Comment 9 Tom de Vries 2019-11-28 12:02:34 UTC
There are a few things to mention here:
- there is no clear reason why this should be an error, we could also warn
  about not being able to add to the temporary files, and continue the
  multifile optimization
- it should be possible to continue writing at the point we run into an error
  now, by switching to 64-bit dwarf, but reading 64-bit dwarf is currently not
  supported.
- the setup of collecting all the info for the multifile optimization into
  one temporary file per section is very convenient because it follows the way
  single-file optimization is done closely.  But things don't have to be setup
  like that. We could also have one temporary file per section per input file,
  which would fix the limitation we're running into here.  Of course we'd
  spent more effort juggling things around once we start reading in those files,
  but there is also the possibility that we'd be able to manage memory in
  a more fine-grained way, which could possibly reduce peak memory usage.

For now, I'm classifying this as enhancement, given that we're running into an implementation-defined limitation, which dwz is correctly reporting.
Comment 10 Tom de Vries 2019-11-29 09:41:04 UTC
(In reply to Tom de Vries from comment #9)
> There are a few things to mention here:
> - there is no clear reason why this should be an error, we could also warn
>   about not being able to add to the temporary files, and continue the
>   multifile optimization

I ran this again using --devel-trace to get a bit more information, and found out that actually there's no error.  The "dwz: Multifile temporary files too large" message is a warning, telling the user in a _very_ indirect way that dwz switches off multifile optimization and will continue to process the remaining files in single-file mode.

This is part of a larger issue in dwz where both warnings and errors are generated using a call to 'error', and consequently it's not immediately clear from the source code which is an error and which is a warning.
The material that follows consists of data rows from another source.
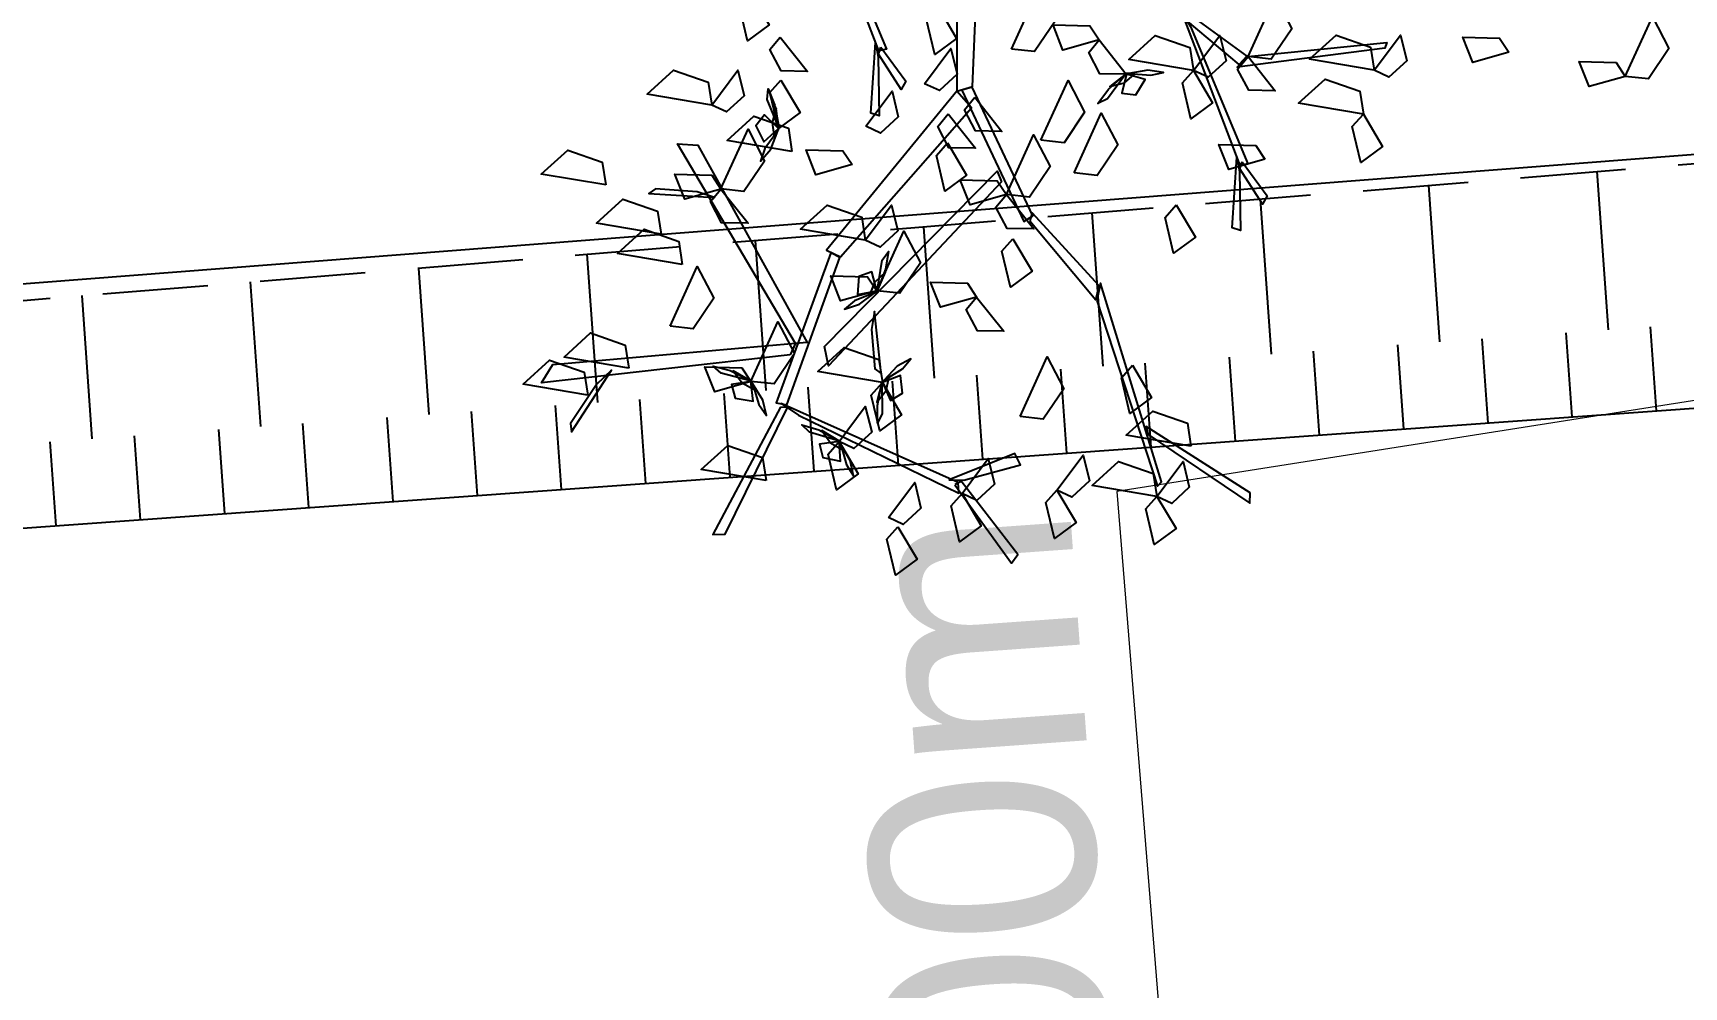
# Model space of a CAD drawing. Header units: metres. Extents: x 1851758 to 1852050, y 5187822 to 5188223.
# Drawn here: x 1851899.87 to 1851905.75, y 5187910.8 to 5187914.2 of the extents above; entities that cross this region are included whole.
import ezdxf

# ---------------------------------------------------------------- set-up
doc = ezdxf.new("R2010")
doc.units = ezdxf.units.M
doc.header["$LTSCALE"] = 2.5
doc.linetypes.add('L8', pattern=[0.225, 0.15, -0.075])
for name, color, linetype in [('PFM_VRD ET 2D', 7, 'CONTINUOUS'), ('PRO_VOI', 7, 'CONTINUOUS'), ('PRO_VOI_VEG', 81, 'CONTINUOUS')]:
    doc.layers.add(name, color=color, linetype=linetype)
doc.layers.add('PRO_PAR_COT_DA', color=150, linetype='CONTINUOUS', lineweight=20)
doc.layers.add('PRO_PAR_SURF', color=157, linetype='CONTINUOUS', lineweight=20)
doc.styles.get("Standard").update_dxf_attribs({"font": 'arial.ttf'})

# ---------------------------------------------------------------- blocks, each defined once
blk = doc.blocks.new('arbre4')
at = {"layer": 'PRO_VOI_VEG', "color": 42, "linetype": 'ByBlock', "lineweight": -2, "extrusion": (-0.798146, 0.353014, 0.488205), "flags": 128}
for points, elevation in [([(0.537, 2.047), (1.325, 3.493), (1.355, 3.396), (0.463, 1.863), (0.537, 2.047)], 2.214), ([(0.461, 6.004), (1.249, 7.45), (1.279, 7.353), (0.387, 5.82), (0.461, 6.004)], 1.337)]:
    blk.add_lwpolyline(points, close=True, dxfattribs=dict(at, elevation=elevation))
at = {"layer": 'PRO_VOI_VEG', "color": 42, "linetype": 'ByBlock', "lineweight": -2, "extrusion": (0.123326, 0.805569, 0.579526), "elevation": 0.407, "flags": 128}
blk.add_lwpolyline([(0.134, 0.916), (0.044, 3.13), (-0.064, 3.058), (-0.028, 0.905), (0.134, 0.916)], close=True, dxfattribs=at)
at = {"layer": 'PRO_VOI_VEG', "linetype": 'ByBlock', "lineweight": -2, "extrusion": (0.843665, 0.223353, 0.488205), "flags": 128}
for points, elevation in [([(-0.19, 5.444), (-0.452, 5.338), (-0.508, 5.714), (-0.247, 5.657), (-0.19, 5.444)], 1), ([(-0.723, 2.072), (-0.986, 1.967), (-1.042, 2.343), (-0.781, 2.285), (-0.723, 2.072)], 0.517), ([(-0.85, 6.234), (-1.113, 6.129), (-1.169, 6.505), (-0.908, 6.447), (-0.85, 6.234)], 1.441), ([(-1.764, 4.477), (-2.026, 4.371), (-2.082, 4.747), (-1.821, 4.689), (-1.764, 4.477)], 3.656), ([(-1.666, 5.367), (-1.929, 5.261), (-1.985, 5.637), (-1.724, 5.58), (-1.666, 5.367)], 2.065), ([(-2.46, 5.393), (-2.722, 5.288), (-2.778, 5.664), (-2.517, 5.606), (-2.46, 5.393)], 5.356), ([(-2.626, 6.111), (-2.888, 6.006), (-2.944, 6.382), (-2.683, 6.324), (-2.626, 6.111)], 4.072), ([(-2.465, 5.264), (-2.728, 5.158), (-2.784, 5.534), (-2.523, 5.476), (-2.465, 5.264)], 2.25), ([(-3.122, 7.28), (-3.384, 7.174), (-3.44, 7.551), (-3.179, 7.493), (-3.122, 7.28)], 1.983), ([(-3.599, 5.019), (-3.861, 4.913), (-3.917, 5.289), (-3.656, 5.231), (-3.599, 5.019)], 2.688), ([(-3.415, 5.673), (-3.678, 5.567), (-3.734, 5.943), (-3.473, 5.885), (-3.415, 5.673)], 0.591), ([(-4.055, 5.725), (-4.318, 5.619), (-4.374, 5.995), (-4.113, 5.938), (-4.055, 5.725)], 1.425), ([(-4.258, 6.596), (-4.52, 6.49), (-4.576, 6.866), (-4.315, 6.809), (-4.258, 6.596)], 2.65), ([(-4.537, 6.513), (-4.799, 6.407), (-4.855, 6.783), (-4.594, 6.726), (-4.537, 6.513)], 3.355), ([(-4.127, 5.579), (-4.389, 5.473), (-4.445, 5.849), (-4.184, 5.791), (-4.127, 5.579)], 0.759)]:
    blk.add_lwpolyline(points, close=True, dxfattribs=dict(at, elevation=elevation))
at = {"layer": 'PRO_VOI_VEG', "linetype": 'ByBlock', "lineweight": -2, "extrusion": (0.372929, 2.33265e-10, 0.92786), "elevation": 3.137, "flags": 128}
blk.add_lwpolyline([(-1.192, 1.105), (-0.784, 0.861), (-1.019, 0.754), (-1.223, 0.93), (-1.192, 1.105)], close=True, dxfattribs=at)
at = {"layer": 'PRO_VOI_VEG', "linetype": 'ByBlock', "lineweight": -2, "extrusion": (-2.5163e-10, -0.654654, 0.755929), "elevation": 6.507, "flags": 128}
blk.add_lwpolyline([(-1.489, 4.348), (-1.316, 4.005), (-1.503, 4.03), (-1.571, 4.238), (-1.489, 4.348)], close=True, dxfattribs=at)
at = {"layer": 'PRO_VOI_VEG', "linetype": 'ByBlock', "lineweight": -2, "extrusion": (9.90247e-10, -0.872729, 0.488205), "elevation": 5.043, "flags": 128}
blk.add_lwpolyline([(0.771, 6.605), (0.509, 6.499), (0.453, 6.876), (0.714, 6.818), (0.771, 6.605)], close=True, dxfattribs=at)
at = {"layer": 'PRO_VOI_VEG', "linetype": 'ByBlock', "lineweight": -2, "extrusion": (0.372929, -8.74769e-10, 0.92786), "elevation": 7.891, "flags": 128}
blk.add_lwpolyline([(-1.381, 1.212), (-0.973, 0.968), (-1.208, 0.861), (-1.412, 1.037), (-1.381, 1.212)], close=True, dxfattribs=at)
at = {"layer": 'PRO_VOI_VEG', "linetype": 'ByBlock', "lineweight": -2, "extrusion": (-0.095442, 0.360509, 0.92786), "flags": 128}
for points, elevation in [([(2.31, 3.692), (2.718, 3.447), (2.483, 3.341), (2.279, 3.516), (2.31, 3.692)], 6.895), ([(-1.005, 3.759), (-0.597, 3.514), (-0.832, 3.408), (-1.036, 3.584), (-1.005, 3.759)], 4.624), ([(-2.218, 4.661), (-1.81, 4.417), (-2.045, 4.311), (-2.249, 4.486), (-2.218, 4.661)], 5.725), ([(1.881, 4.021), (2.289, 3.776), (2.054, 3.67), (1.85, 3.845), (1.881, 4.021)], 6.372), ([(-2.041, 5.013), (-1.633, 4.768), (-1.868, 4.662), (-2.072, 4.838), (-2.041, 5.013)], 5.876), ([(3.21, 3.644), (3.618, 3.4), (3.383, 3.294), (3.179, 3.469), (3.21, 3.644)], 6.013), ([(2.956, 4.283), (3.364, 4.038), (3.129, 3.932), (2.925, 4.107), (2.956, 4.283)], 6.365), ([(1.6, 4.094), (2.008, 3.849), (1.773, 3.743), (1.569, 3.919), (1.6, 4.094)], 4.489), ([(2.886, 3.673), (3.294, 3.428), (3.059, 3.322), (2.855, 3.498), (2.886, 3.673)], 4.17), ([(3.491, 4.37), (3.899, 4.126), (3.664, 4.019), (3.46, 4.195), (3.491, 4.37)], 4.378), ([(3.83, 4.449), (4.238, 4.204), (4.003, 4.098), (3.799, 4.273), (3.83, 4.449)], 4.346), ([(1.823, 4.479), (2.231, 4.234), (1.996, 4.128), (1.792, 4.304), (1.823, 4.479)], 2.773), ([(2.837, 5.374), (3.245, 5.129), (3.01, 5.023), (2.806, 5.198), (2.837, 5.374)], 3.975), ([(-0.096, 6.094), (0.312, 5.85), (0.077, 5.743), (-0.127, 5.919), (-0.096, 6.094)], 3.685), ([(0.252, 6.332), (0.66, 6.088), (0.425, 5.981), (0.221, 6.157), (0.252, 6.332)], 3.589)]:
    blk.add_lwpolyline(points, close=True, dxfattribs=dict(at, elevation=elevation))
at = {"layer": 'PRO_VOI_VEG', "color": 42, "linetype": 'ByBlock', "lineweight": -2, "extrusion": (-0.89221, -0.02421, 0.450971), "flags": 128}
for points, elevation in [([(1.148, 3.22), (1.566, 3.131), (1.54, 3.007), (1.044, 3.198), (1.148, 3.22)], 2.564), ([(2.237, 7.033), (2.655, 6.944), (2.629, 6.821), (2.133, 7.011), (2.237, 7.033)], 1.725)]:
    blk.add_lwpolyline(points, close=True, dxfattribs=dict(at, elevation=elevation))
at = {"layer": 'PRO_VOI_VEG', "color": 42, "linetype": 'ByBlock', "lineweight": -2, "extrusion": (-0.900289, 0.398191, 0.175849), "flags": 128}
for points, elevation in [([(1.325, 3.93), (1.495, 5.34), (1.561, 5.275), (1.377, 3.93), (1.325, 3.93)], 0.975), ([(1.249, 7.382), (1.419, 8.792), (1.485, 8.727), (1.301, 7.382), (1.249, 7.382)], -1.148)]:
    blk.add_lwpolyline(points, close=True, dxfattribs=dict(at, elevation=elevation))
at = {"layer": 'PRO_VOI_VEG', "linetype": 'ByBlock', "lineweight": -2, "extrusion": (0.632852, 0.167542, 0.755929), "flags": 128}
for points, elevation in [([(-1.215, 6.132), (-1.042, 5.789), (-1.229, 5.814), (-1.297, 6.022), (-1.215, 6.132)], 5.812), ([(-0.854, 5.176), (-0.681, 4.833), (-0.868, 4.858), (-0.935, 5.066), (-0.854, 5.176)], 2.448), ([(-1.764, 2.966), (-1.591, 2.624), (-1.777, 2.648), (-1.845, 2.857), (-1.764, 2.966)], 4.961), ([(-2.19, 3.116), (-2.017, 2.774), (-2.204, 2.798), (-2.272, 3.007), (-2.19, 3.116)], 6.987), ([(-1.36, 2.648), (-1.187, 2.305), (-1.374, 2.33), (-1.442, 2.538), (-1.36, 2.648)], 1.032), ([(-2.125, 6.003), (-1.952, 5.66), (-2.138, 5.685), (-2.206, 5.893), (-2.125, 6.003)], 4.487), ([(-3.415, 5.726), (-3.242, 5.384), (-3.429, 5.408), (-3.497, 5.617), (-3.415, 5.726)], 3.17), ([(-4.055, 4.899), (-3.882, 4.557), (-4.069, 4.581), (-4.137, 4.789), (-4.055, 4.899)], 3.287), ([(-4.043, 7.246), (-3.87, 6.903), (-4.057, 6.928), (-4.125, 7.136), (-4.043, 7.246)], 5.154), ([(-4.258, 4.412), (-4.085, 4.07), (-4.272, 4.094), (-4.339, 4.303), (-4.258, 4.412)], 3.709), ([(-4.537, 4.984), (-4.364, 4.641), (-4.551, 4.666), (-4.619, 4.874), (-4.537, 4.984)], 5.37)]:
    blk.add_lwpolyline(points, close=True, dxfattribs=dict(at, elevation=elevation))
at = {"layer": 'PRO_VOI_VEG', "color": 42, "linetype": 'ByBlock', "lineweight": -2, "extrusion": (-0.888751, 0.393088, 0.235804), "elevation": -0.315, "flags": 128}
blk.add_lwpolyline([(0.387, 6.116), (0.527, 8.082), (0.601, 7.943), (0.431, 6.041), (0.387, 6.116)], close=True, dxfattribs=at)
at = {"layer": 'PRO_VOI_VEG', "linetype": 'ByBlock', "lineweight": -2, "extrusion": (4.78427e-09, -0.654654, 0.755929), "elevation": 6.647, "flags": 128}
blk.add_lwpolyline([(0.771, 4.2), (0.944, 3.857), (0.757, 3.882), (0.69, 4.09), (0.771, 4.2)], close=True, dxfattribs=at)
at = {"layer": 'PRO_VOI_VEG', "color": 6, "linetype": 'ByBlock', "lineweight": -2, "extrusion": (-0.960342, -0.224855, 0.164872), "elevation": 2.907, "flags": 128}
blk.add_lwpolyline([(1.225, 5.997), (1.003, 5.891), (0.933, 6.07), (1.059, 6.124), (1.225, 5.997)], close=True, dxfattribs=at)
at = {"layer": 'PRO_VOI_VEG', "color": 42, "linetype": 'ByBlock', "lineweight": -2, "extrusion": (-0.853501, 0.377497, 0.359211), "elevation": 0.72, "flags": 128}
blk.add_lwpolyline([(0.527, 8.053), (0.107, 10.556), (0.151, 10.556), (0.623, 7.919), (0.527, 8.053)], close=True, dxfattribs=at)
at = {"layer": 'PRO_VOI_VEG', "linetype": 'ByBlock', "lineweight": -2, "extrusion": (-4.92672e-09, -0.654654, 0.755929), "elevation": 6.78, "flags": 128}
blk.add_lwpolyline([(1.818, 4.046), (1.991, 3.703), (1.804, 3.728), (1.736, 3.936), (1.818, 4.046)], close=True, dxfattribs=at)
at = {"layer": 'PRO_VOI_VEG', "linetype": 'ByBlock', "lineweight": -2, "extrusion": (9.90357e-10, -0.872729, 0.488205), "elevation": 5.056, "flags": 128}
blk.add_lwpolyline([(3.67, 5.967), (3.408, 5.861), (3.352, 6.237), (3.613, 6.179), (3.67, 5.967)], close=True, dxfattribs=at)
at = {"layer": 'PRO_VOI_VEG', "linetype": 'ByBlock', "lineweight": -2, "extrusion": (0.372929, 6.70649e-10, 0.92786), "elevation": 9.214, "flags": 128}
blk.add_lwpolyline([(-1.739, -1.127), (-1.331, -1.372), (-1.566, -1.478), (-1.77, -1.303), (-1.739, -1.127)], close=True, dxfattribs=at)
at = {"layer": 'PRO_VOI_VEG', "color": 6, "linetype": 'ByBlock', "lineweight": -2, "extrusion": (-0.865324, 0.113447, 0.488205), "elevation": 4.277, "flags": 128}
blk.add_lwpolyline([(1.809, 4.919), (1.716, 4.705), (1.798, 4.588), (1.909, 4.719), (1.809, 4.919)], close=True, dxfattribs=at)
at = {"layer": 'PRO_VOI_VEG', "color": 6, "linetype": 'ByBlock', "lineweight": -2, "extrusion": (0.984735, -0.129102, 0.116747), "elevation": -0.571, "flags": 128}
blk.add_lwpolyline([(-1.816, 6.506), (-1.665, 6.731), (-1.768, 6.945), (-1.857, 6.792), (-1.816, 6.506)], close=True, dxfattribs=at)
at = {"layer": 'PRO_VOI_VEG', "color": 42, "linetype": 'ByBlock', "lineweight": -2, "extrusion": (0.715812, 0.230111, 0.659289), "elevation": 1.31, "flags": 128}
blk.add_lwpolyline([(-1.306, 2.558), (-2, 4.513), (-2.081, 4.403), (-1.455, 2.481), (-1.306, 2.558)], close=True, dxfattribs=at)
at = {"layer": 'PRO_VOI_VEG', "color": 42, "linetype": 'ByBlock', "lineweight": -2, "extrusion": (0.117148, 0.690201, 0.714072), "elevation": 0.942, "flags": 128}
for points in [[(-0.016, 2.987), (-0.535, 4.238), (-0.597, 4.172), (-0.087, 2.947), (-0.016, 2.987)], [(-0.352, 3.862), (0.759, 5.841), (0.799, 5.653), (-0.316, 3.761), (-0.352, 3.862)]]:
    blk.add_lwpolyline(points, close=True, dxfattribs=at)
at = {"layer": 'PRO_VOI_VEG', "linetype": 'ByBlock', "lineweight": -2, "extrusion": (-2.51659e-10, -0.654654, 0.755929), "elevation": 4.129, "flags": 128}
blk.add_lwpolyline([(-0.144, 1.576), (0.029, 1.233), (-0.158, 1.258), (-0.225, 1.466), (-0.144, 1.576)], close=True, dxfattribs=at)
at = {"layer": 'PRO_VOI_VEG', "linetype": 'ByBlock', "lineweight": -2, "extrusion": (0.372929, -1.31215e-09, 0.92786), "flags": 128}
for points, elevation in [([(-1.855, 2.789), (-1.447, 2.544), (-1.682, 2.438), (-1.886, 2.613), (-1.855, 2.789)], 7.745), ([(-2.017, 3.74), (-1.609, 3.495), (-1.844, 3.389), (-2.048, 3.565), (-2.017, 3.74)], 3.948)]:
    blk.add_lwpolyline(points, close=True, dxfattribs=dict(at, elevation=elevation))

Furthermore, in write_multifile when running into this warning we immediately return with return value 1, suggesting that processing is stopped, but the return value is actually ignored.
Comment 11 Tom de Vries 2019-11-29 12:31:43 UTC
I'm currently trying out the patch:
...
diff --git a/dwz.c b/dwz.c
index 3c886d6..804746c 100644
--- a/dwz.c
+++ b/dwz.c
@@ -11942,7 +11942,7 @@ write_multifile (DSO *dso)
                  < multi_macro_off)
        {
          error (0, 0, "Multifile temporary files too large");
-         multifile = NULL;
          ret = 1;
        }
       else
...
that implements the 'continue multifile optimization' strategy.

Currently /tmp/dwz.debug_info.xxxxxx is 4180719431, which is at 97% of the maximum:
...
$ lsof | egrep '^COMMAND|/tmp/dwz.debug_info.'
COMMAND       PID     TID       USER   FD      TYPE             DEVICE   SIZE/OFF       NODE NAME
dwz         28874           tdevries    3u      REG                8,2 4180719431   23298280 /tmp/dwz.debug_info.G8DTik (deleted)
...
Comment 12 Tom de Vries 2019-11-29 14:07:04 UTC
(In reply to Tom de Vries from comment #11)
> I'm currently trying out the patch:
> that implements the 'continue multifile optimization' strategy.

Result:
...
$ ./reproduce.sh
maxmem: 27212104
real: 5215.06
user: 4418.86
system: 400.27
...
So, this took 87 minutes real (74 minutes user, 7 minutes sys) and 26 GB (on a server with 256GB).

The resulting multifile is 823MB:
...
$ du -h merged
823M    merged
...
Comment 13 Tom de Vries 2019-11-29 15:31:57 UTC
(In reply to Tom de Vries from comment #12)
> (In reply to Tom de Vries from comment #11)
> > I'm currently trying out the patch:
> > that implements the 'continue multifile optimization' strategy.
> 
> Result:
> ...
> $ ./reproduce.sh
> maxmem: 27212104
> real: 5215.06
> user: 4418.86
> system: 400.27
> ...
> So, this took 87 minutes real (74 minutes user, 7 minutes sys) and 26 GB (on
> a server with 256GB).
> 
> The resulting multifile is 823MB:
> ...
> $ du -h merged
> 823M    merged
> ...

Compared to without the patch:
...
maxmem: 17332160
real: 2539.16
user: 2063.37
system: 201.93
...
So, 42 minutes real (34 minutes user, 3 minutes user) and 16.5 GB.